Projections and Assumptions


The key short/medium term benefits of the deal are as follows: firstly, it provides F&G with a platform to leverage FNF's institutional relationships with banks, creating a key opportunity to accelerate entry into this channel. Moreover, since Blackstone has aided F&G in its successful portfolio repositioning, achieving higher investment performance alongside lower risk, FNF and the combined company can draw upon this to improve/maintain its already strong financial strength ratings. Furthermore, the deal allows F&G to utilise FNF's customer-base for potential cross-selling. In the words of Chris Blunt, F&G’s CEO: “Upon completion, FNF will provide the ability to fuel our channels for distribution while offering additional cross-selling opportunities.” At the same time, acquiring F&G, a provider of annuity and life insurance products, serves as a key diversification play for FNF, who can use F&G’s proficiency in these areas, especially in annuity markets, to support and expand its current business centred around title insurance – this can help FNF generate a more robust cash flow and income stream in the short/medium term and reduces its exposure to market-related risk.

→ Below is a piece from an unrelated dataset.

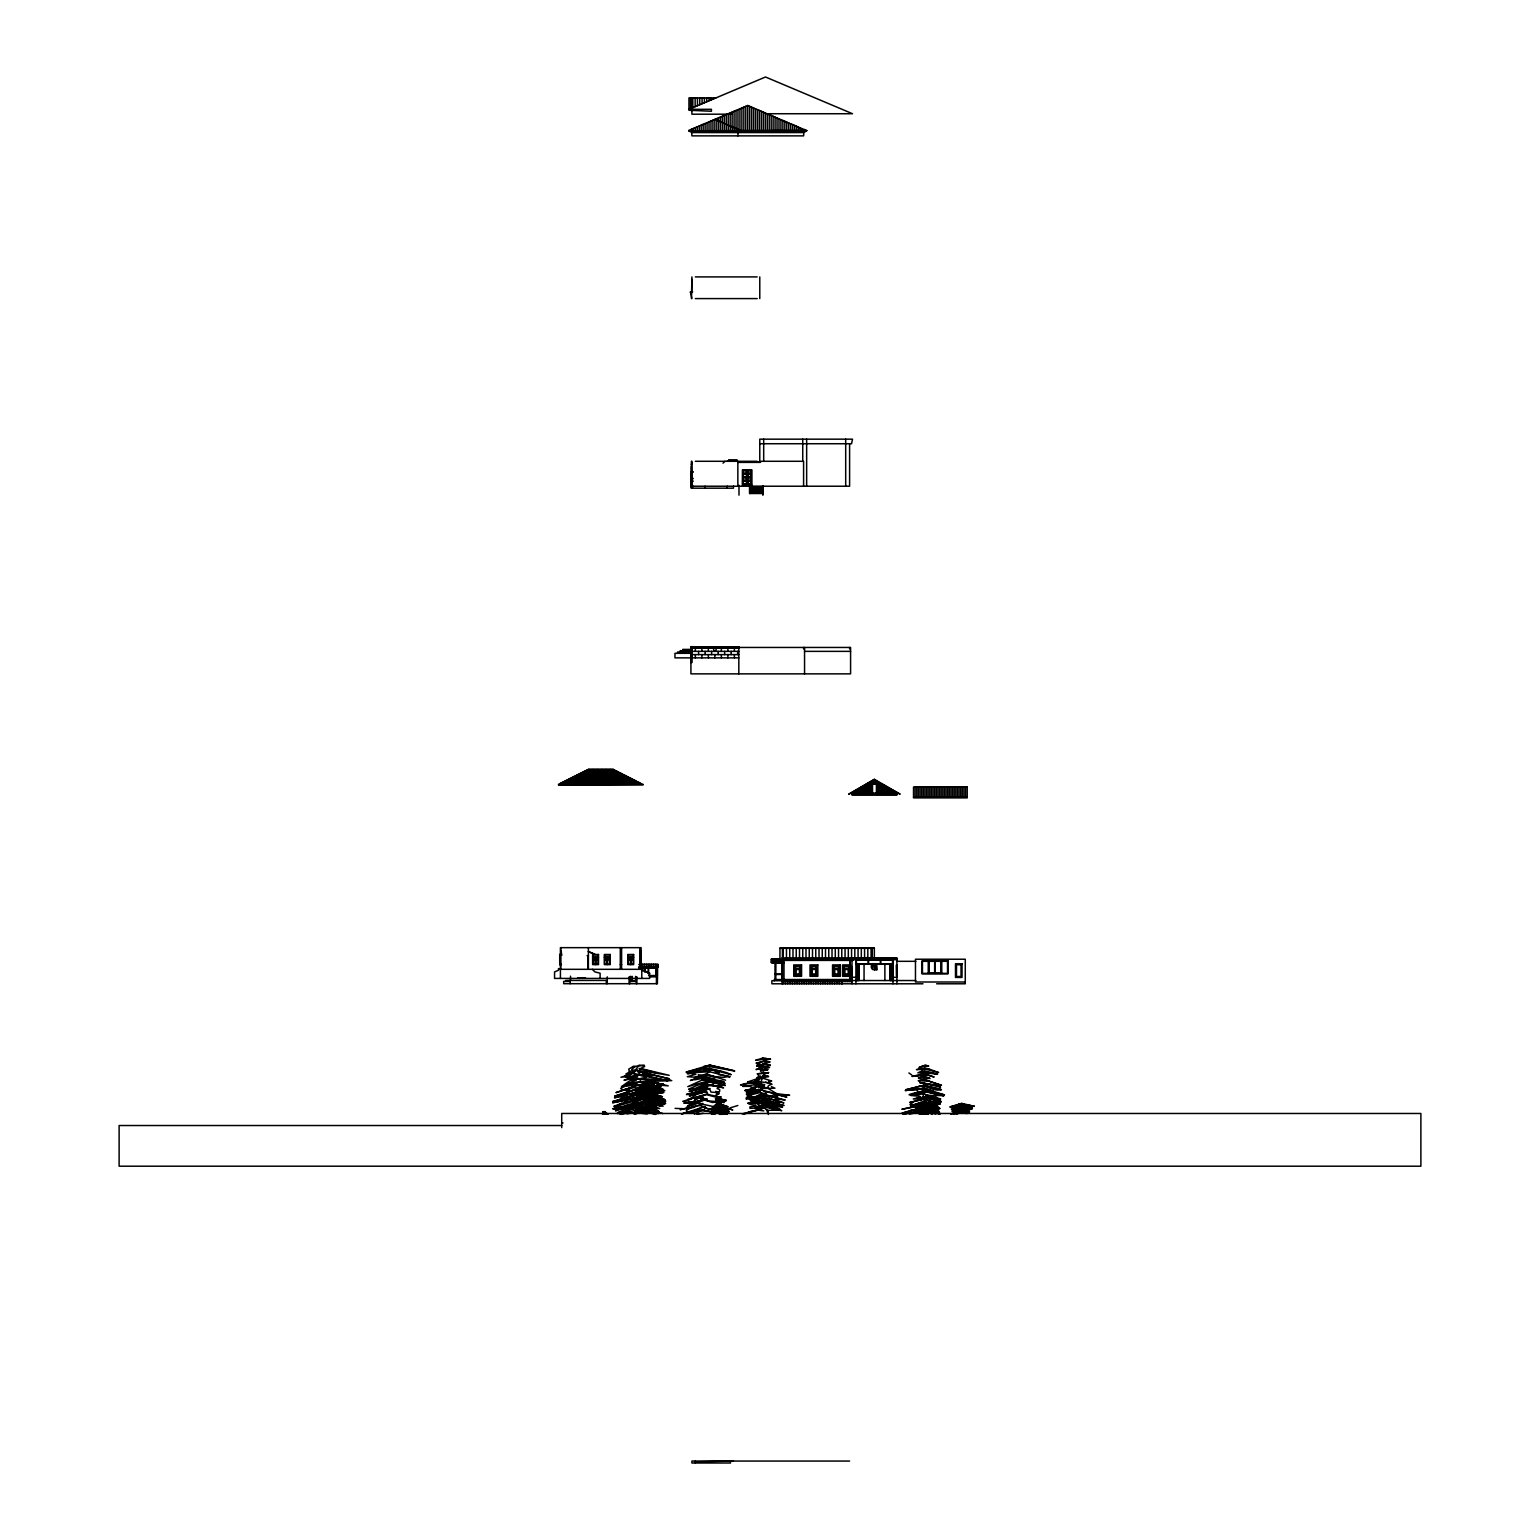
<?xml version="1.0" encoding="UTF-8"?>
<svg xmlns="http://www.w3.org/2000/svg" width="1540" height="1540" viewBox="0 0 1540 1540"><rect width="100%" height="100%" fill="white"/><g stroke="black" fill="none" stroke-linecap="round" stroke-linejoin="round"><path stroke-width="1.5" d="M692.095 483.175L691.807 481.481L691.46 486.024L692.095 483.675M770.212 1064.929L765.149 1063.716C744.917 1069.472 768.325 1062.08 758.777 1066.931L765.149 1063.716L770.366 1065.526L760.548 1066.623M726.918 1114.151L718.429 1111.033M935.512 1096.711L939.669 1100.195L925.944 1095.787L924.578 1097.462L919.938 1097.712L918.745 1097.308L919.803 1096.307L910.891 1095.498L923.095 1093.9L940.69 1098.944L936.262 1098.52L940.844 1101.119L937.571 1100.696M761.915 1094.824L760.779 1094.94L761.184 1093.573M748.19 1103.14C758.97 1102.197 771.386 1105.855 782.493 1107.318C777.719 1101.735 734.619 1101.62 753.041 1104.95L755.967 1104.95L755.832 1106.009L749.961 1106.894L749.922 1108.338L762.647 1107.683M662.816 1113.536L645.664 1108.646L644.683 1111.726C652.363 1111.995 637.483 1111.63 652.248 1109.994M921.806 1071.051L917.84 1072.822L921.44 1072.86L924.558 1070.897L937.514 1074.265L921.806 1071.051L923.48 1071.956M768.325 1114.46L768.422 1113.497M691.364 482.694L692.307 483.906L691.614 481.712L692.307 484.888C690.247 488.834 692.153 476.11 692.095 485.139M646.319 1093.746C684.992 1107.683 654.635 1093.054 640.255 1094.401L640.563 1096.981L634.037 1099.964L640.062 1100.041M936.435 1110.417L936.378 1110.398M760.144 1090.705L760.471 1091.186M738.16 132.325L737.853 135.867M803.899 132.325L803.591 135.867L691.903 135.867L691.614 132.401M691.614 477.978L692.923 478.228M691.364 481.712L691.614 485.139L692.307 482.944M692.095 480.576L691.325 478.863L692.923 478.863M716.601 1098.367L717.024 1096.172M637.618 1107.183L617.309 1113.555L630.688 1112.188M646.011 1080.368L657.753 1080.079M768.537 1072.629L757.372 1073.823L759.22 1076.441L756.698 1077.846L758.257 1078.115L763.994 1076.306L763.859 1074.111L768.537 1072.629L757.372 1073.823M924.135 1109.108L925.04 1110.456M723.684 1081.619L705.647 1080.195L709.516 1078.385L723.684 1081.619L725.128 1083.66L710.537 1080.271L687.783 1086.643L702.048 1080.098L706.937 1079.367L704.242 1080.214M968.718 1111.707C961.249 1107.626 952.683 1113.362 961.653 1110.032L969.469 1112.669L961.557 1111.303L965.214 1109.493M717.043 1105.354L726.11 1107.587C730.692 1106.336 700.931 1103.448 725.937 1106.817M919.919 1082.62L937.706 1085.546L940.594 1087.182L919.919 1082.62L937.706 1085.546M633.363 1095.44L638.58 1093.515L639.562 1091.148L635.731 1093.188L614.479 1097.808L639.158 1091.052M923.134 1091.129L943.904 1095.806L923.288 1091.032C893.489 1097.481 919.149 1094.536 924.654 1091.437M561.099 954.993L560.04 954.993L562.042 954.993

From a broader stakeholder perspective, FNF has said the transaction is expected to be more than 10% accretive on a pro forma basis to FNF’s 2020 earnings per share and more than 20% accretive to its 2021 earnings per share. Furthermore, upon closing of the deal, F&G shareholders will own roughly 7% of the outstanding shares of FNF common stock. This is a premium of 28% to F&G's 60-day volume-weighted average price and of 17% to F&G's all-time high closing stock price. Thus, the immediate value creation of the deal for shareholders of both companies is clear to see.

Long term

The diversification play is especially advantageous when considering the changing structure and preferences of Western population bases. In particular, with the aging of demographics becoming a significant long-term trend, retirement insurance products have a positive long-term outlook in terms of demand and so acquiring F&G’s retirement insurance business is an attractive investment with strong growth tailwinds.